E.2 Sample cheat sheet 2

cheatsheet.Rmd

---
title: Cheat Sheet
output: 
  html_document: 
    toc: true
    toc_float: 
        collapsed: false
        smooth_scroll: false
---

```{r setup, include=F}
knitr::opts_chunk$set(
                      tidy=F, 
                      eval=F
)
```

```{r packages-and-data, include=F}
gg <- import::from(ggplot2, .all=T, .into={new.env()})
import::from(nycflights13, df_flights = flights)
import::from(magrittr, "%>%")
```


## Visualization

### Scatterplots

AKA bivariate plots. 
They allow you to visualize the *relationship* between two **continuous** variables. 

```{r}
# import the data frame and name it “flights”
import::from(nycflights13, df_flights = flights)

# choose all rows related to Alaska Airlaine carrier
df_alaska_flights <- df_flights %>% 
  dplyr::filter(carrier == "AS")

# built a scatter plot
gg$ggplot(data = df_alaska_flights, 
          mapping = gg$aes(x = dep_delay, y = arr_delay)) +
  gg$geom_point()
```

### Overplotting

When points are being plotted on top of each other over and over again 
and it is difficult to know the number of points being plotted.

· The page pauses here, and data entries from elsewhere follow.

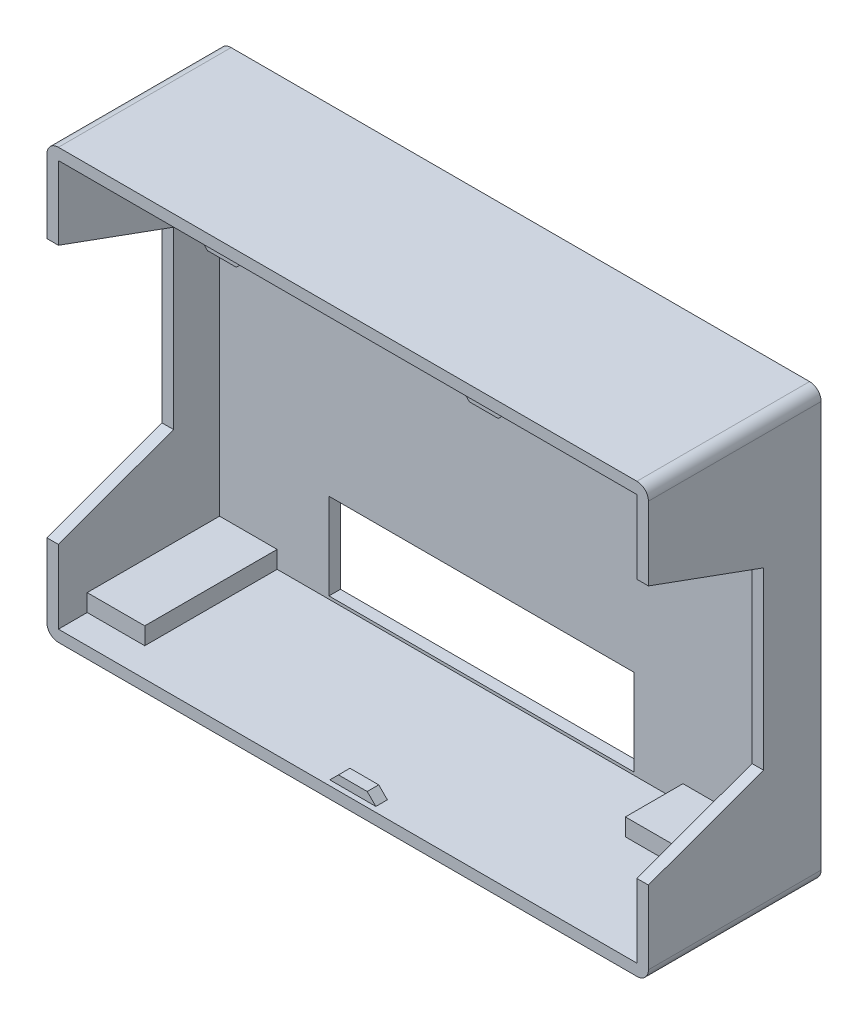
from build123d import *

# Parameters (mm, degrees)
SKETCH1_W                               = 74.5
SKETCH1_H                               = 104.5
SKETCH1_W_2                             = 70.5
SKETCH1_H_2                             = 100.5
BOSS_EXTRUDE1_ABOVE_BOARD_SURFACE_DEPTH = 5
SKETCH2_W                               = 104.5
SKETCH2_H                               = 74.5
BOSS_EXTRUDE2_UNDER_23MM_DEPTH          = 23
SKETCH3_W                               = 104.5
SKETCH3_H                               = 74.5
BOSS_EXTRUDE3_BOTTOM_COVER_2MM_DEPTH    = 2
SKETCH4_W                               = 5
SKETCH4_H                               = 3.5
BOSS_EXTRUDE4_ANCHOR_PINS_DEPTH         = 2
SKETCH5_W                               = 150
SKETCH5_H                               = 45
CUT_EXTRUDE1_CUT_USB_DEPTH              = 20
CUT_EXTRUDE1_CUT_USB_DRAFT              = -20
FILLET1_R                               = 2
CHAMFER2_SIZE                           = 1.5
SKETCH6_W                               = 10
SKETCH6_H                               = 3
BOSS_EXTRUDE1_DEPTH                     = 10
SKETCH7_W                               = 53
SKETCH7_H                               = 15
CUT_EXTRUDE1_DEPTH                      = 10


with BuildPart() as part:
    # Sketch1 → Boss-Extrude1-above-board-surface (new body)
    with BuildSketch(Plane(origin=(0, 0, 0), x_dir=(0, 1, 0), z_dir=(0, 0, 1))):
        Rectangle(SKETCH1_W, SKETCH1_H)
        Rectangle(SKETCH1_W_2, SKETCH1_H_2, mode=Mode.SUBTRACT)
    extrude(amount=BOSS_EXTRUDE1_ABOVE_BOARD_SURFACE_DEPTH)

    # Sketch2 → Boss-Extrude2-under-23mm (add)
    with BuildSketch(Plane(origin=(0, 0, 0), x_dir=(1, 0, 0), z_dir=(0, 0, -1))):
        Rectangle(SKETCH2_W, SKETCH2_H)
        Polygon((-50.25, 32.25), (-40.25, 32.25), (-40.25, 35.25), (50.25, 35.25), (50.25, -35.25), (-40.25, -35.25), (-40.25, -32.25), (-50.25, -32.25), align=None, mode=Mode.SUBTRACT)
    extrude(amount=BOSS_EXTRUDE2_UNDER_23MM_DEPTH)

    # Sketch3 → Boss-Extrude3-bottom-cover-2mm (add)
    with BuildSketch(Plane(origin=(0, 0, -23), x_dir=(1, 0, 0), z_dir=(0, 0, -1))):
        Rectangle(SKETCH3_W, SKETCH3_H)
    extrude(amount=BOSS_EXTRUDE3_BOTTOM_COVER_2MM_DEPTH)

    # Sketch4 → Boss-Extrude4-anchor-pins (add)
    with BuildSketch(Plane.XY.offset(2.1)):
        with Locations((-22.75, 35.5)):
            Rectangle(SKETCH4_W, SKETCH4_H)
        with Locations((22.75, 35.5)):
            Rectangle(SKETCH4_W, SKETCH4_H)
        with Locations((0, -35.5)):
            Rectangle(SKETCH4_W, SKETCH4_H)
    extrude(amount=BOSS_EXTRUDE4_ANCHOR_PINS_DEPTH)


with BuildPart() as cut_extrude1_cut_usb_tool:
    # Sketch5 → Cut-Extrude1-cut-usb (with draft: the straight prism first)
    with BuildSketch(Plane.XY.offset(5)):
        Rectangle(SKETCH5_W, SKETCH5_H)
    extrude(amount=-CUT_EXTRUDE1_CUT_USB_DEPTH)
    # Cut-Extrude1-cut-usb: the draft: its side faces are tilted about the plane it starts from
    cut_extrude1_cut_usb_sides = [cut_extrude1_cut_usb_tool.faces().sort_by_distance(p)[0] for p in [
        (0, -22.5, -5),
        (75, 0, -5),
        (0, 22.5, -5),
        (-75, 0, -5),
    ]]
    draft(cut_extrude1_cut_usb_sides, Plane.XY.offset(5), CUT_EXTRUDE1_CUT_USB_DRAFT)


with BuildPart() as part_1:
    add(part.part)

    # Cut-Extrude1-cut-usb: cut by cut_extrude1_cut_usb_tool
    add(cut_extrude1_cut_usb_tool.part, mode=Mode.SUBTRACT)

    # Fillet1
    fillet1_edges = [part_1.edges().sort_by_distance(p)[0] for p in [
        (52.25, -37.25, -10),
        (-52.25, -37.25, -10),
        (-52.25, 37.25, -10),
        (52.25, 37.25, -10),
    ]]
    fillet(fillet1_edges, radius=FILLET1_R)

    # Chamfer2
    chamfer2_edges = [part_1.edges().sort_by_distance(p)[0] for p in [
        (20.25, 35.25, 3.1),
        (25.25, 35.25, 3.1),
        (-25.25, 35.25, 3.1),
        (-20.25, 35.25, 3.1),
        (2.5, -35.25, 3.1),
        (-2.5, -35.25, 3.1),
    ]]
    chamfer(chamfer2_edges, length=CHAMFER2_SIZE - 0.0001)  # a hair under: the kernel refuses the full size

    # Sketch6 → Boss-Extrude1 (add)
    with BuildSketch(Plane.XY.offset(-13)):
        with Locations((35.25, -33.75)):
            Rectangle(SKETCH6_W, SKETCH6_H)
        with Locations((35.25, 33.75)):
            Rectangle(SKETCH6_W, SKETCH6_H)
    extrude(amount=-BOSS_EXTRUDE1_DEPTH)

    # Sketch7 → Cut-Extrude1 (cut)
    with BuildSketch(Plane.XY.offset(-23)):
        with Locations((-4.75, 27.25)):
            Rectangle(SKETCH7_W, SKETCH7_H)
        with Locations((-4.75, -27.25)):
            Rectangle(SKETCH7_W, SKETCH7_H)
    extrude(amount=-CUT_EXTRUDE1_DEPTH, mode=Mode.SUBTRACT)


solid = part_1.part

+ Method 1: Changing the transparency of the points

Setting the `alpha` argument in `geom_point` 
(usually, `alpha` argument is set by default at 1 point – 100% opaque). 
By specifying a value of `alpha` argument, 
we can change the transparency of the points (to less than 1).

```{r demo-alpha eval=T}
df_alaska_flights <- df_flights %>% 
  dplyr::filter(carrier == "AS")

gg$ggplot(data = df_alaska_flights, 
          mapping = gg$aes(x = dep_delay, y = arr_delay)) +
  gg$geom_point(alpha = 0.2)
```

When you compile the Rmd file using the “knit” button in RStudio, the output would look like this:

Place your mouse cursor inside the box and try to scroll up and down to see the full sample.

Comments:

The author took advantage of some nice features of rmarkdown and made their cheat sheet versatile. By setting eval=F in the first chunk (named “setup”), all the following R chunks would not be evaluated by default, suiting the design of a cheatsheet. However, whenever the author wants to show the output of a specific chunk, perhaps to remind themselves what the code does, they can turn on eval=T inside the header of a chunk, such as in the demo-alpha chunk. The author also structured the file with headings at different levels, using ##, ###, etc.

E.3 Feeling inspired?

Keep in mind that you will be working on YOUR cheat sheet and will refer to it from time to time as you learn to become a seasoned R user. Customize it. Own it. Put whatever content that is deemed useful to you. Each week, you will hand in an updated version of the same file — your cheat sheet, to fulfill the course requirement. I expect that everyone’s cheat sheet will evolve over time. Your cheat sheet by the end of the first week may contain a line on how to examine the structure of a dataframe, for example; and by the end of the semester, you may know this line by heart and no longer need it on the cheat sheet.